Ich hab mir jetzt nur den halben Thread druchgelesen, also nicht schlagen wenn ich was doppelt Frage!

Also, was wolltest du mit den o.g. Taktraten (350/1000) sagen? Die sind doch vollkommen OK, ist GT-Standart!


----------



## cylord83 (5. Januar 2006)

*AW: the end*

Also, das Netzteil war für das ganze System viel zu schwach. Das würde ich bald ersetzen. Denn das Mainboard könnte dem bald folgen, weil´s das empfindlichste Bauteil ist und auch darunter leiden wird. 20A möchten schon auf der 12V-Leitung sein, aber als absolutes Minimum. 24A wären dann okay.

Aber das Herunterregeln des Lüfters ist nicht in Ordnung. Egal ob da 60°C bei den Sensoren dastehen, aber die sind nur ein sehr kleiner Richtwert, aber der Wert könnter viel höher sein, wenn du Pech hast.


----------



## Dimebag (5. Januar 2006)

*AW: the end*



			
				ruyven_macaran am 05.01.2006 03:13 schrieb:
			
		

> -6800gt agp, gekauft anfang april, fällt vollkommen grundlos aber vollkommen vollständig aus.
> -atelco hat natürlich keinen austausch
> -auch nichts bessers
> -will auch den kaufpreis nicht zurückerstatten(300€)
> -oder gar den wiederbeschaffungspreis (gebrauchte karte @ebay - also auch der wert, für den ich die intakte karte hätte verkaufen können, wenn ich gewollt hätte) übernehmen(zu dem zeitpunkt: >320€)


Äh sorry, aber ich finde du jammerst ganz schön. Wäre die Karte in den ersten 6 Monaten kaputt gegangen, ok, aber danach ändern sich die Spielregeln halt. Dafür, dass du ein dermassen grosses Risiko mit der Karte eingegangen bist, erwartest du ganz schön viel (ebay-Preis, LOL!)

Du kriegst 255 Euro und hältst es trotzdem für nötig, PCGH den Service von Atelco untersuchen zu lassen? Pfff, das würde ich ja fast grobe Unsportlichkeit nennen, zumal du nichtmal beweisen kannst, die Karte nicht durch dein Netzteil geschrottet zu haben.

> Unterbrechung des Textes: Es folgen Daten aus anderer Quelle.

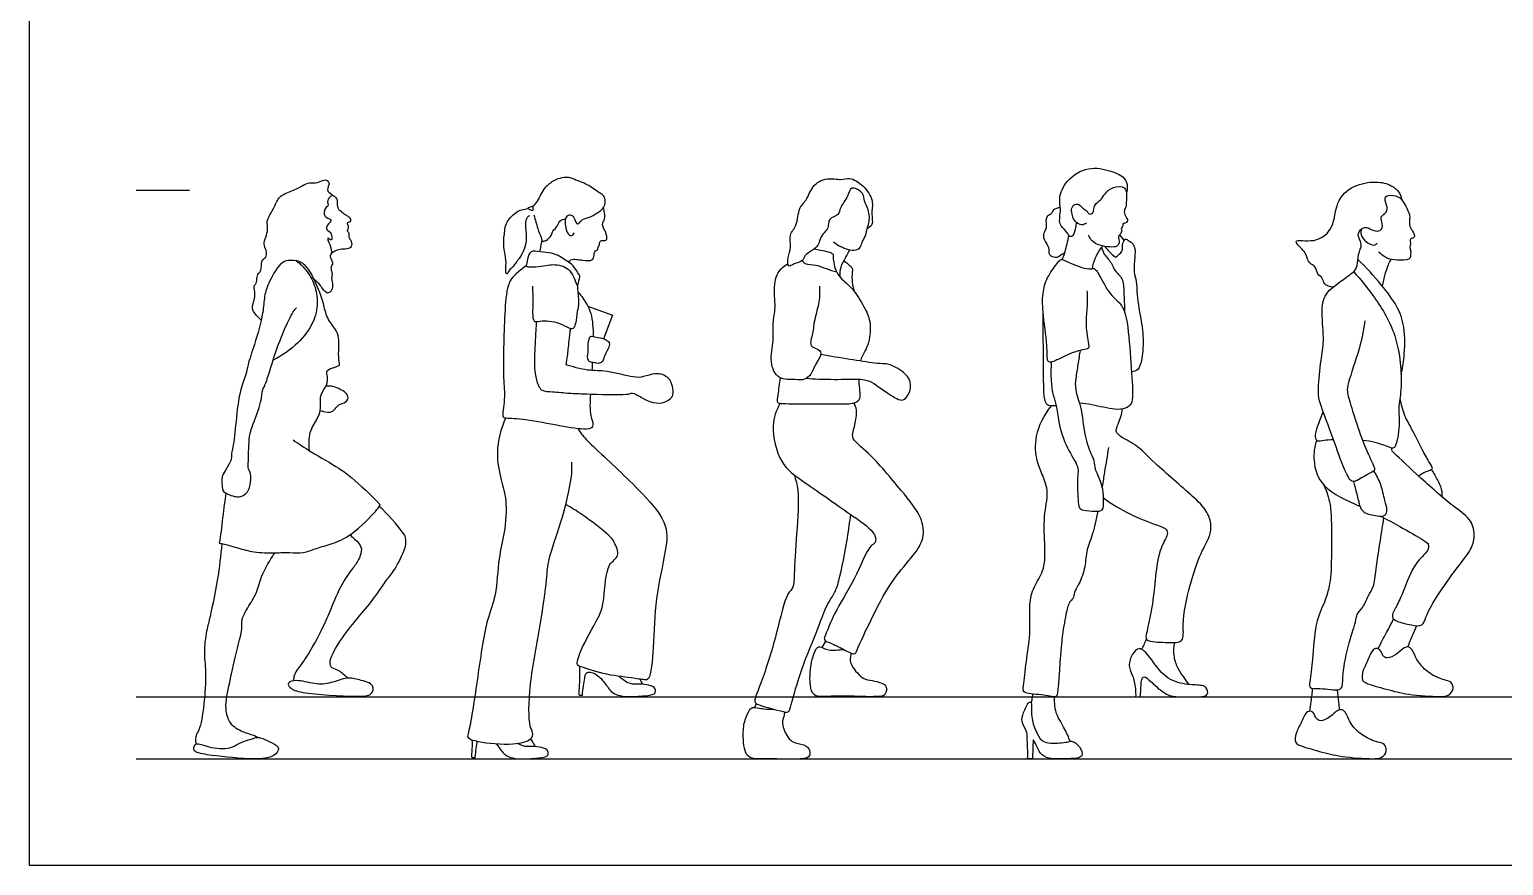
# Model space of a CAD drawing. Header units: millimetres. Extents: x 10.5 to 29.6, y 6 to 18.8.
# Drawn here: x 10.521 to 14.734, y 5.966 to 8.355 of the extents above; entities that cross this region are included whole.
import ezdxf

# ---------------------------------------------------------------- set-up
doc = ezdxf.new("R2010")
doc.units = ezdxf.units.MM
for name, color, linetype, true_color in [('AG-DIAGRAM', 7, 'Continuous', 0xfecc66), ('AG-GUIDE', 7, 'Continuous', 0xcccccc), ('AG-PEOPLE', 7, 'Continuous', 0x66ccff), ('X-VPRT', 6, 'Continuous', 0xff00ff)]:
    doc.layers.add(name, color=color, linetype=linetype, true_color=true_color)

msp = doc.modelspace()

# ---------------------------------------------------------------- linework, layer by layer
at = {"layer": 'AG-DIAGRAM'}
msp.add_line((10.8256, 6.2705), (18.7504, 6.2705), dxfattribs=at)
at = {"layer": 'AG-GUIDE'}
for p, q in [((10.8256, 7.8961), (10.978, 7.8961)), ((10.8256, 6.4483), (18.7504, 6.4483))]:
    msp.add_line(p, q, dxfattribs=at)
at = {"layer": 'AG-PEOPLE'}
for p, q in [((13.6498, 7.753), (13.6371, 7.7688)), ((12.7861, 6.5893), (12.7974, 6.6074)), ((12.593, 6.4174), (12.599, 6.4282))]:
    msp.add_line(p, q, dxfattribs=at)
msp.add_lwpolyline([(12.1166, 7.5646), (12.1868, 7.5384), (12.1618, 7.4715)], dxfattribs=at)
for points, knots in [([(11.1832, 7.5244), (11.159, 7.5453), (11.1562, 7.5672), (11.1659, 7.5857), (11.1654, 7.6054), (11.1608, 7.6231), (11.1714, 7.6292), (11.1697, 7.648), (11.1764, 7.6606), (11.185, 7.6656), (11.1819, 7.6976), (11.198, 7.7011), (11.1999, 7.7262), (11.1854, 7.7413), (11.207, 7.7838), (11.194, 7.806), (11.2228, 7.8472), (11.2314, 7.8796), (11.2715, 7.8937), (11.3013, 7.9088), (11.32, 7.9194), (11.3448, 7.9149), (11.3613, 7.9273), (11.3762, 7.9238), (11.3784, 7.9108), (11.366, 7.8921), (11.392, 7.8828), (11.3782, 7.8776), (11.3697, 7.8633), (11.3779, 7.8515), (11.3654, 7.8477), (11.3575, 7.8178), (11.3883, 7.8148), (11.3754, 7.7992), (11.3647, 7.7858), (11.3819, 7.7761), (11.3852, 7.7654), (11.3861, 7.7488), (11.371, 7.7627), (11.3754, 7.7487), (11.3833, 7.7312), (11.3845, 7.7137), (11.3782, 7.7087), (11.3829, 7.6978), (11.3899, 7.6868), (11.3809, 7.6756), (11.384, 7.6644), (11.387, 7.6556), (11.3824, 7.6415), (11.391, 7.6186), (11.3751, 7.5937), (11.3556, 7.6175), (11.3506, 7.6289), (11.3404, 7.6353), (11.3348, 7.6404)], [0, 0, 0, 0, 0.174281, 0.330301, 0.480182, 0.616239, 0.72083, 0.862797, 0.986934, 1.087851, 1.265293, 1.38705, 1.540652, 1.688247, 1.906375, 2.069159, 2.297971, 2.492002, 2.704376, 2.902039, 3.055027, 3.218536, 3.368319, 3.48606, 3.598665, 3.742054, 3.881672, 3.979329, 4.114638, 4.223031, 4.32931, 4.493424, 4.643475, 4.768942, 4.89791, 5.029436, 5.15047, 5.257084, 5.367395, 5.460009, 5.619441, 5.753553, 5.845672, 5.976061, 6.079078, 6.190396, 6.301272, 6.413083, 6.53813, 6.638327, 6.761906, 6.897895, 7.030756, 7.529701, 7.529701, 7.529701, 7.529701]), ([(12.078, 7.8163), (12.0846, 7.795), (12.0941, 7.8032), (12.0999, 7.8129), (12.1218, 7.8173), (12.1485, 7.8338), (12.163, 7.8446), (12.1681, 7.8638), (12.1631, 7.8812), (12.1518, 7.8874), (12.1358, 7.8976), (12.1192, 7.9096), (12.1026, 7.9179), (12.0769, 7.9267), (12.0669, 7.9323), (12.0414, 7.9325), (12.0191, 7.9239), (11.9938, 7.9047), (11.9822, 7.8853), (11.9734, 7.8638), (11.9643, 7.854), (11.9595, 7.8495)], [0, 0, 0, 0, 0.219811, 0.436611, 0.724388, 1.079596, 1.344374, 1.614906, 1.871342, 2.090348, 2.364058, 2.646968, 2.924697, 3.246558, 3.462379, 3.766595, 4.080405, 4.429232, 4.728963, 5.028213, 5.307038, 5.307038, 5.307038, 5.307038]), ([(12.8193, 7.7484), (12.8242, 7.7442), (12.8335, 7.7364), (12.8772, 7.7185), (12.8985, 7.7323), (12.9003, 7.7508), (12.9138, 7.7672), (12.9134, 7.7866), (12.9226, 7.8021), (12.9216, 7.8416), (12.9045, 7.8644), (12.9081, 7.8877), (12.8668, 7.912), (12.862, 7.8762), (12.8364, 7.8483), (12.8359, 7.8229), (12.8022, 7.8172), (12.806, 7.7868), (12.7911, 7.7748), (12.7792, 7.7564), (12.7765, 7.7368), (12.7564, 7.7227), (12.7366, 7.7108), (12.7316, 7.6914), (12.7065, 7.6878), (12.6873, 7.6719), (12.6878, 7.7071), (12.6995, 7.732), (12.6903, 7.7702), (12.7168, 7.7938), (12.7178, 7.8466), (12.7438, 7.8662), (12.7559, 7.9096), (12.7995, 7.9342), (12.84, 7.9231), (12.8661, 7.9352), (12.9068, 7.9089), (12.9351, 7.8673), (12.9257, 7.8293), (12.9339, 7.7968), (12.9203, 7.7886), (12.9148, 7.7857)], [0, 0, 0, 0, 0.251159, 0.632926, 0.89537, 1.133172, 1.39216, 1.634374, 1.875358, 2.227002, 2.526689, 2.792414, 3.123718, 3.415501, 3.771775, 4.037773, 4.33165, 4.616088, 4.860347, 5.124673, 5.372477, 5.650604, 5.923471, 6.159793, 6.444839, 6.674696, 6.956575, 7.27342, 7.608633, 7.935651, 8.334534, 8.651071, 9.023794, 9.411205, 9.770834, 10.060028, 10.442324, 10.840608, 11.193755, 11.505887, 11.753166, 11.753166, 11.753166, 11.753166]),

Nee du, Mitgefühl kriegste von mir in diesem Fall nicht


----------



## cylord83 (5. Januar 2006)

*AW: the end*

Selber Schuld!


----------



## memphis76 (5. Januar 2006)

*AW: the end*



			
				ruyven_macaran am 05.01.2006 03:13 schrieb:
			
		

> ... Kartenersatz ...


Hallo,

also ich glaube, dass Du mit dem Ergebnis von ~ 255 € sehr zufrieden sein kannst. Aufgrund der derzeitigen Rechtsprechung hätte es auch sein können, dass Du plötzlich ohne alles dastehst, denn allein wegen den Punkten:

- Kauf ist über 6 Monate her
- Du hast meiner Meinung nach ein sehr schwaches NT genutzt

Sicherlich hättest Du mit der ein oder anderen Weise (wie ich oben näher dargelegt habe) mehr rauskitzeln können, doch der Schuss hätte auch doppelt so gut nach hinten losgehen können. Stell Dir doch mal vor der Händler hätte gesagt: "Gut, 6 Monate sind vorbei, Du musst beweisen, dass die Karte bei Verkauf bereits beschädigt war." ... und schon stehst Du da.

Sicher gibt es Tricks und Kniffe, wie man Leute "überreden" kann, doch mehr zu zahlen. Aber ich denke, Du solltest Dich über die ~ 255 € freuen.


----------



## bierchen (5. Januar 2006)

*AW: the end*



			
				ripitall am 05.01.2006 08:41 schrieb:
			
		

> Also, was wolltest du mit den o.g. Taktraten (350/1000) sagen? Die sind doch vollkommen OK, ist GT-Standart!


Das Problem ist, dass die GS nur 12 Pixelpipelines und 5 Vertex Shader hat (wie eine 6800 Standard), während die GT deren 16/6 hat. 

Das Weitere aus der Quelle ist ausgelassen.